Records shown: Begin

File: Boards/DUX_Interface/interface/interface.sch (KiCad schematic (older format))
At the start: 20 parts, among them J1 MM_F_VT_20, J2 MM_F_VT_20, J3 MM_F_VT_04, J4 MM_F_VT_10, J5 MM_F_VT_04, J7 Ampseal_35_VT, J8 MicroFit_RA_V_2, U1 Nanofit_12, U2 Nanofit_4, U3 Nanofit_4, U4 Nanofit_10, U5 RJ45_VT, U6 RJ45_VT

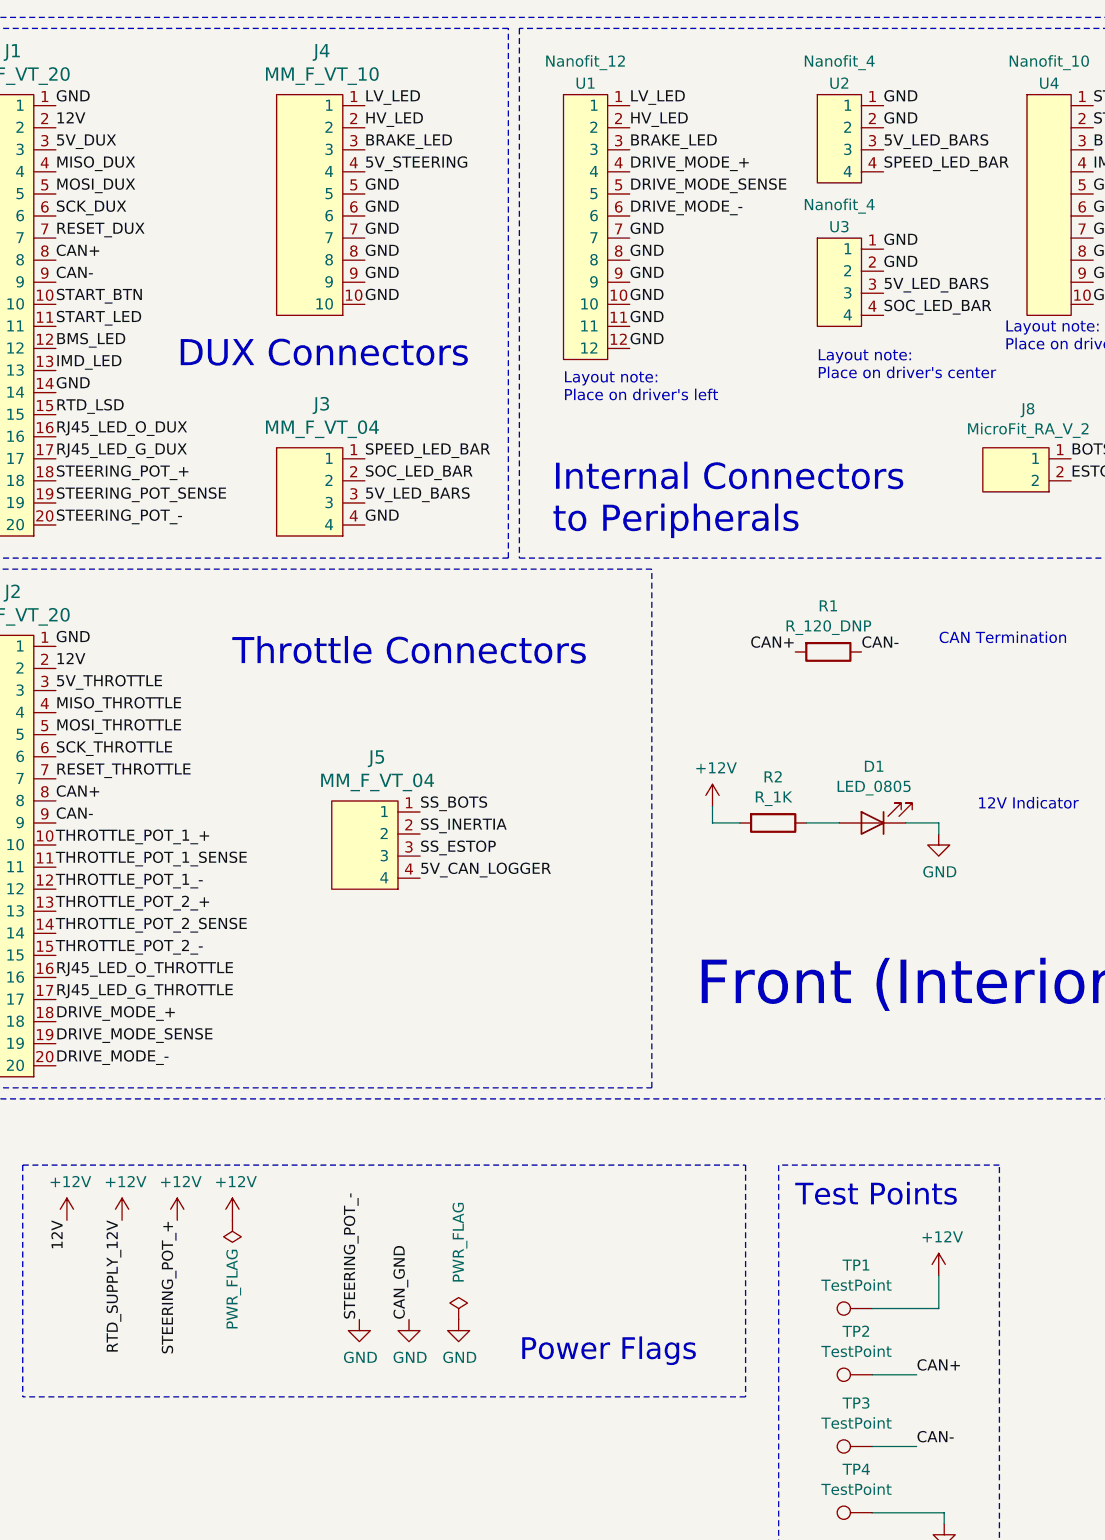
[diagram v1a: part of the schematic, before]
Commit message: schematic and layout fixes
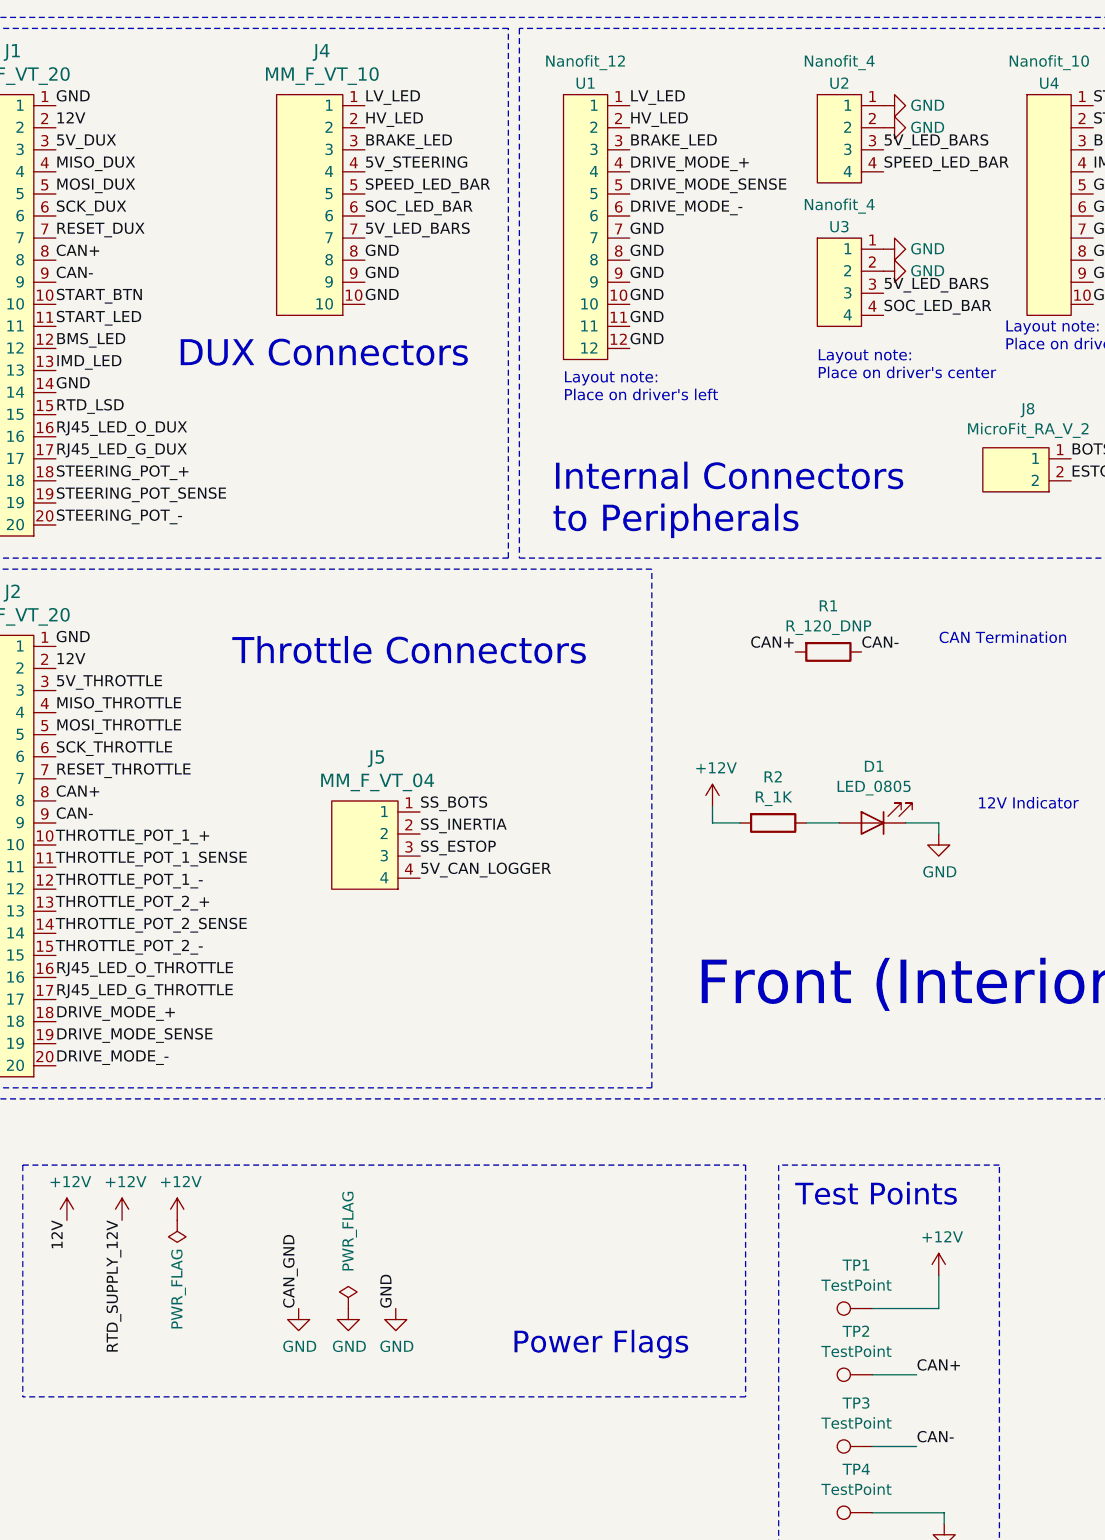
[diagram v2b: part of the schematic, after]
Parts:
- removed J3: MM_F_VT_04, footprints:micromatch_female_vert_4, symbol formula:MM_F_VT_04
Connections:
- net +12V: no longer J1.18, J7.16
- net 5V_LED_BARS: now also J4.7
- net GND: no longer J1.20, J4.5, J4.6, J4.7, J7.18
- net SOC_LED_BAR: now also J4.6
- net SPEED_LED_BAR: now also J4.5
- new net STEERING_POT_+: J1.18, J7.16
- new net STEERING_POT_-: J1.20, J7.18
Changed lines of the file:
@@
-$EndComp
-$Comp
-L formula:MM_F_VT_04 J3
-U 1 1 5DC9CE0A
-P 2200 2700
-F 0 "J3" H 2256 3147 60  0000 C CNN
-F 1 "MM_F_VT_04" H 2256 3041 60  0000 C CNN
-F 2 "footprints:micromatch_female_vert_4" H 2000 3800 60  0001 C CNN
-F 3 "http://www.te.com/commerce/DocumentDelivery/DDEController?Action=showdoc&DocId=Customer+Drawing%7F338068%7FF1%7Fpdf%7FEnglish%7FENG_CD_338068_F1.pdf%7F338068-4" H 2100 3900 60  0001 C CNN
-F 4 "TE" H 2300 4100 60  0001 C CNN "MFN"
-F 5 "338068-4" H 2400 4200 60  0001 C CNN "MPN"
-F 6 "http://www.te.com/global-en/product-338068-4.html" H 2200 4000 60  0001 C CNN "PurchasingLink"
-	1    2200 2700
-	1    0    0    -1
 $EndComp
 $Comp
@@
 Text Label 1050 2800 0    50   ~ 0
 STEERING_POT_-
-Text Label 2450 2500 0    50   ~ 0
-SPEED_LED_BAR
-Text Label 2450 2600 0    50   ~ 0
-SOC_LED_BAR
-Text Label 2450 2700 0    50   ~ 0
-5V_LED_BARS
-Text Label 2450 2800 0    50   ~ 0
-GND
 Text Label 2700 4100 0    50   ~ 0
 SS_BOTS
@@
 Text Label 2450 1200 0    50   ~ 0
 5V_STEERING
-Text Label 2450 1300 0    50   ~ 0
-GND
-Text Label 2450 1400 0    50   ~ 0
-GND
-Text Label 2450 1500 0    50   ~ 0
-GND
 Text Label 2450 1600 0    50   ~ 0
 GND
@@
 GND
 Text Label 2450 1800 0    50   ~ 0
-GND
-Text Label 4800 900  0    50   ~ 0
-GND
-Text Label 4800 1000 0    50   ~ 0
-GND
-Text Label 4800 1550 0    50   ~ 0
-GND
-Text Label 4800 1650 0    50   ~ 0
 GND
 Text Label 4800 1100 0    50   ~ 0
@@
 L power:GND #PWR03
 U 1 1 5DCFDED7
-P 2650 6400
-F 0 "#PWR03" H 2650 6150 50  0001 C CNN
-F 1 "GND" H 2655 6227 50  0000 C CNN
-F 2 "" H 2650 6400 50  0001 C CNN
-F 3 "" H 2650 6400 50  0001 C CNN
-	1    2650 6400
-	1    0    0    -1
-$EndComp
-Text Label 2650 6400 1    50   ~ 0
+P 2150 6350
+F 0 "#PWR03" H 2150 6100 50  0001 C CNN
+F 1 "GND" H 2155 6177 50  0000 C CNN
+F 2 "" H 2150 6350 50  0001 C CNN
+F 3 "" H 2150 6350 50  0001 C CNN
+	1    2150 6350
+	1    0    0    -1
+$EndComp
+Text Label 2150 6350 1    50   ~ 0
 CAN_GND
-Text Notes 3150 6600 0    98   ~ 0
+Text Notes 3115 6570 0    98   ~ 0
 Power Flags\n
 $Comp
 L power:PWR_FLAG #FLG01
 U 1 1 5DCFEE19
-P 1850 5950
-F 0 "#FLG01" H 1850 6025 50  0001 C CNN
-F 1 "PWR_FLAG" V 1850 6078 50  0000 L CNN
-F 2 "" H 1850 5950 50  0001 C CNN
-F 3 "~" H 1850 5950 50  0001 C CNN
-	1    1850 5950
+P 1600 5950
+F 0 "#FLG01" H 1600 6025 50  0001 C CNN
+F 1 "PWR_FLAG" V 1600 6078 50  0000 L CNN
+F 2 "" H 1600 5950 50  0001 C CNN
+F 3 "~" H 1600 5950 50  0001 C CNN
+	1    1600 5950
 	-1   0    0    1
 $EndComp
@@
 L power:+12V #PWR04
 U 1 1 5DCFF24F
-P 1850 5950
-F 0 "#PWR04" H 1850 5800 50  0001 C CNN
-F 1 "+12V" H 1865 6123 50  0000 C CNN
-F 2 "" H 1850 5950 50  0001 C CNN
-F 3 "" H 1850 5950 50  0001 C CNN
-	1    1850 5950
+P 1600 5950
+F 0 "#PWR04" H 1600 5800 50  0001 C CNN
+F 1 "+12V" H 1615 6123 50  0000 C CNN
+F 2 "" H 1600 5950 50  0001 C CNN
+F 3 "" H 1600 5950 50  0001 C CNN
+	1    1600 5950
 	1    0    0    -1
 $EndComp
@@
 L power:PWR_FLAG #FLG02
 U 1 1 5DD01903
-P 2875 6400
-F 0 "#FLG02" H 2875 6475 50  0001 C CNN
-F 1 "PWR_FLAG" V 2875 6750 50  0000 C CNN
-F 2 "" H 2875 6400 50  0001 C CNN
-F 3 "~" H 2875 6400 50  0001 C CNN
-	1    2875 6400
+P 2375 6350
+F 0 "#FLG02" H 2375 6425 50  0001 C CNN
+F 1 "PWR_FLAG" V 2375 6700 50  0000 C CNN
+F 2 "" H 2375 6350 50  0001 C CNN
+F 3 "~" H 2375 6350 50  0001 C CNN
+	1    2375 6350
 	1    0    0    -1
 $EndComp
@@
 L power:GND #PWR05
 U 1 1 5DD0198E
-P 2875 6400
-F 0 "#PWR05" H 2875 6150 50  0001 C CNN
-F 1 "GND" H 2880 6227 50  0000 C CNN
-F 2 "" H 2875 6400 50  0001 C CNN
-F 3 "" H 2875 6400 50  0001 C CNN
-	1    2875 6400
+P 2375 6350
+F 0 "#PWR05" H 2375 6100 50  0001 C CNN
+F 1 "GND" H 2380 6177 50  0000 C CNN
+F 2 "" H 2375 6350 50  0001 C CNN
+F 3 "" H 2375 6350 50  0001 C CNN
+	1    2375 6350
 	1    0    0    -1
 $EndComp
@@
 Text Label 10200 2650 0    50   ~ 0
 5V_STEERING
-Text Label 1600 5950 3    50   ~ 0
-STEERING_POT_+
-Text Label 2425 6400 1    50   ~ 0
-STEERING_POT_-
-$Comp
-L power:+12V #PWR0101
-U 1 1 5E63233C
-P 1600 5950
-F 0 "#PWR0101" H 1600 5800 50  0001 C CNN
-F 1 "+12V" H 1615 6123 50  0000 C CNN
-F 2 "" H 1600 5950 50  0001 C CNN
-F 3 "" H 1600 5950 50  0001 C CNN
-	1    1600 5950
-	1    0    0    -1
-$EndComp
-$Comp
-L power:GND #PWR0102
-U 1 1 5E63537E
-P 2425 6400
-F 0 "#PWR0102" H 2425 6150 50  0001 C CNN
-F 1 "GND" H 2430 6227 50  0000 C CNN
-F 2 "" H 2425 6400 50  0001 C CNN
-F 3 "" H 2425 6400 50  0001 C CNN
-	1    2425 6400
-	1    0    0    -1
-$EndComp
 Wire Notes Line
 	4175 5700 4175 6750
@@
 Text Notes 5225 4100 0    50   ~ 0
 12V Indicator
+Text Label 2590 6350 1    50   ~ 0
+GND
+$Comp
+L power:GND #PWR0103
+U 1 1 5E6AE5CE
+P 2590 6350
+F 0 "#PWR0103" H 2590 6100 50  0001 C CNN
+F 1 "GND" H 2595 6177 50  0000 C CNN
+F 2 "" H 2590 6350 50  0001 C CNN
+F 3 "" H 2590 6350 50  0001 C CNN
+	1    2590 6350
+	1    0    0    -1
+$EndComp
+Text Label 2450 1300 0    50   ~ 0
+SPEED_LED_BAR
+Text Label 2450 1400 0    50   ~ 0
+SOC_LED_BAR
+Text Label 2450 1500 0    50   ~ 0
+5V_LED_BARS
+$Comp
+L power:GND #PWR?
+U 1 1 5E6BE8EA
+P 4800 1550
+F 0 "#PWR?" H 4800 1300 50  0001 C CNN
+F 1 "GND" V 4800 1350 50  0000 C CNN
+F 2 "" H 4800 1550 50  0001 C CNN
+F 3 "" H 4800 1550 50  0001 C CNN
+	1    4800 1550
+	0    -1   -1   0
+$EndComp
+$Comp
+L power:GND #PWR?
+U 1 1 5E6BEDD5
+P 4800 1650
+F 0 "#PWR?" H 4800 1400 50  0001 C CNN
+F 1 "GND" V 4800 1450 50  0000 C CNN
+F 2 "" H 4800 1650 50  0001 C CNN
+F 3 "" H 4800 1650 50  0001 C CNN
+	1    4800 1650
+	0    -1   -1   0
+$EndComp
+$Comp
+L power:GND #PWR?
+U 1 1 5E6BFA26
+P 4800 900
+F 0 "#PWR?" H 4800 650 50  0001 C CNN
+F 1 "GND" V 4800 700 50  0000 C CNN
+F 2 "" H 4800 900 50  0001 C CNN
+F 3 "" H 4800 900 50  0001 C CNN
+	1    4800 900
+	0    -1   -1   0
+$EndComp
+$Comp
+L power:GND #PWR?
+U 1 1 5E6BFA2C
+P 4800 1000
+F 0 "#PWR?" H 4800 750 50  0001 C CNN
+F 1 "GND" V 4800 800 50  0000 C CNN
+F 2 "" H 4800 1000 50  0001 C CNN
+F 3 "" H 4800 1000 50  0001 C CNN
+	1    4800 1000
+	0    -1   -1   0
+$EndComp
 $EndSCHEMATC

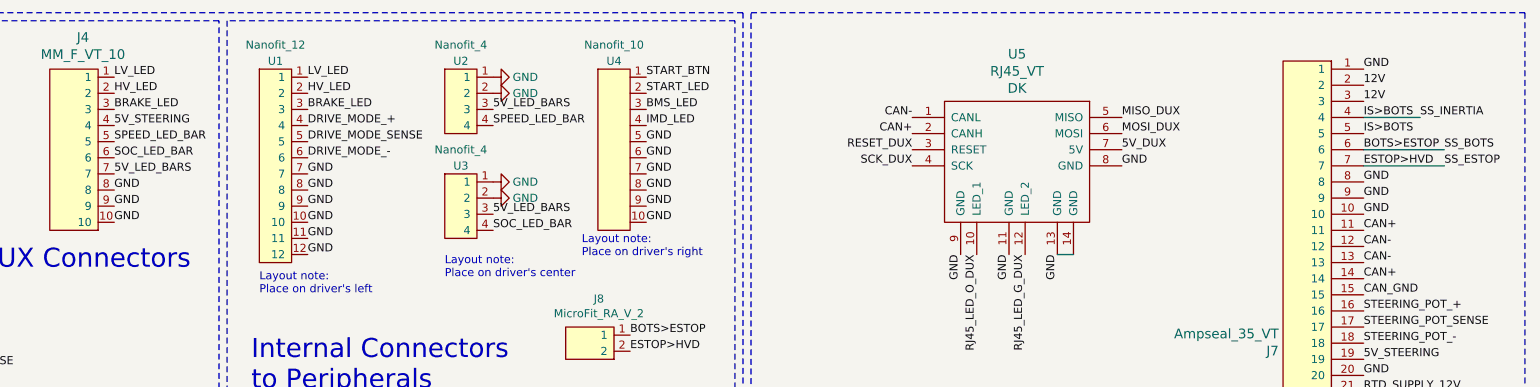
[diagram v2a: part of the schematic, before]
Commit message: fixed connector overlap issues & minor pinout changes
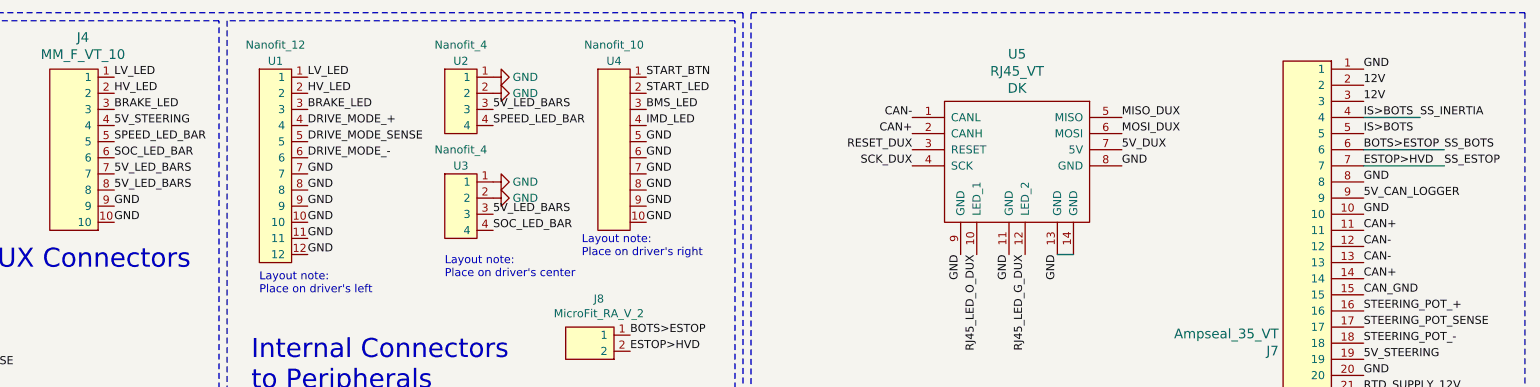
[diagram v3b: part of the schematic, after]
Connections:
- net 5V_CAN_LOGGER: now also J7.9
- net 5V_LED_BARS: now also J4.8
- net GND: no longer J4.8, J7.9
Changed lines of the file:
@@
 Text Label 2450 1200 0    50   ~ 0
 5V_STEERING
-Text Label 2450 1600 0    50   ~ 0
-GND
 Text Label 2450 1700 0    50   ~ 0
 GND
@@
 Text Label 10200 1550 0    50   ~ 0
 GND
-Text Label 10200 1650 0    50   ~ 0
-GND
 Text Label 10200 1750 0    50   ~ 0
 GND
@@
 5V_LED_BARS
 $Comp
-L power:GND #PWR?
+L power:GND #PWR0101
 U 1 1 5E6BE8EA
 P 4800 1550
-F 0 "#PWR?" H 4800 1300 50  0001 C CNN
+F 0 "#PWR0101" H 4800 1300 50  0001 C CNN
 F 1 "GND" V 4800 1350 50  0000 C CNN
 F 2 "" H 4800 1550 50  0001 C CNN
@@
 $EndComp
 $Comp
-L power:GND #PWR?
+L power:GND #PWR0102
 U 1 1 5E6BEDD5
 P 4800 1650
-F 0 "#PWR?" H 4800 1400 50  0001 C CNN
+F 0 "#PWR0102" H 4800 1400 50  0001 C CNN
 F 1 "GND" V 4800 1450 50  0000 C CNN
 F 2 "" H 4800 1650 50  0001 C CNN
@@
 $EndComp
 $Comp
-L power:GND #PWR?
+L power:GND #PWR0104
 U 1 1 5E6BFA26
 P 4800 900
-F 0 "#PWR?" H 4800 650 50  0001 C CNN
+F 0 "#PWR0104" H 4800 650 50  0001 C CNN
 F 1 "GND" V 4800 700 50  0000 C CNN
 F 2 "" H 4800 900 50  0001 C CNN
@@
 $EndComp
 $Comp
-L power:GND #PWR?
+L power:GND #PWR0105
 U 1 1 5E6BFA2C
 P 4800 1000
-F 0 "#PWR?" H 4800 750 50  0001 C CNN
+F 0 "#PWR0105" H 4800 750 50  0001 C CNN
 F 1 "GND" V 4800 800 50  0000 C CNN
 F 2 "" H 4800 1000 50  0001 C CNN
@@
 	0    -1   -1   0
 $EndComp
+Text Label 10200 1650 0    50   ~ 0
+5V_CAN_LOGGER
+Text Label 2450 1600 0    50   ~ 0
+5V_LED_BARS
 $EndSCHEMATC

Records shown: End

▶ _Instructions for the task_: The lines to copy are those above that contain "longer".

▶ _Output_:
- net +12V: no longer J1.18, J7.16
- net GND: no longer J1.20, J4.5, J4.6, J4.7, J7.18
- net GND: no longer J4.8, J7.9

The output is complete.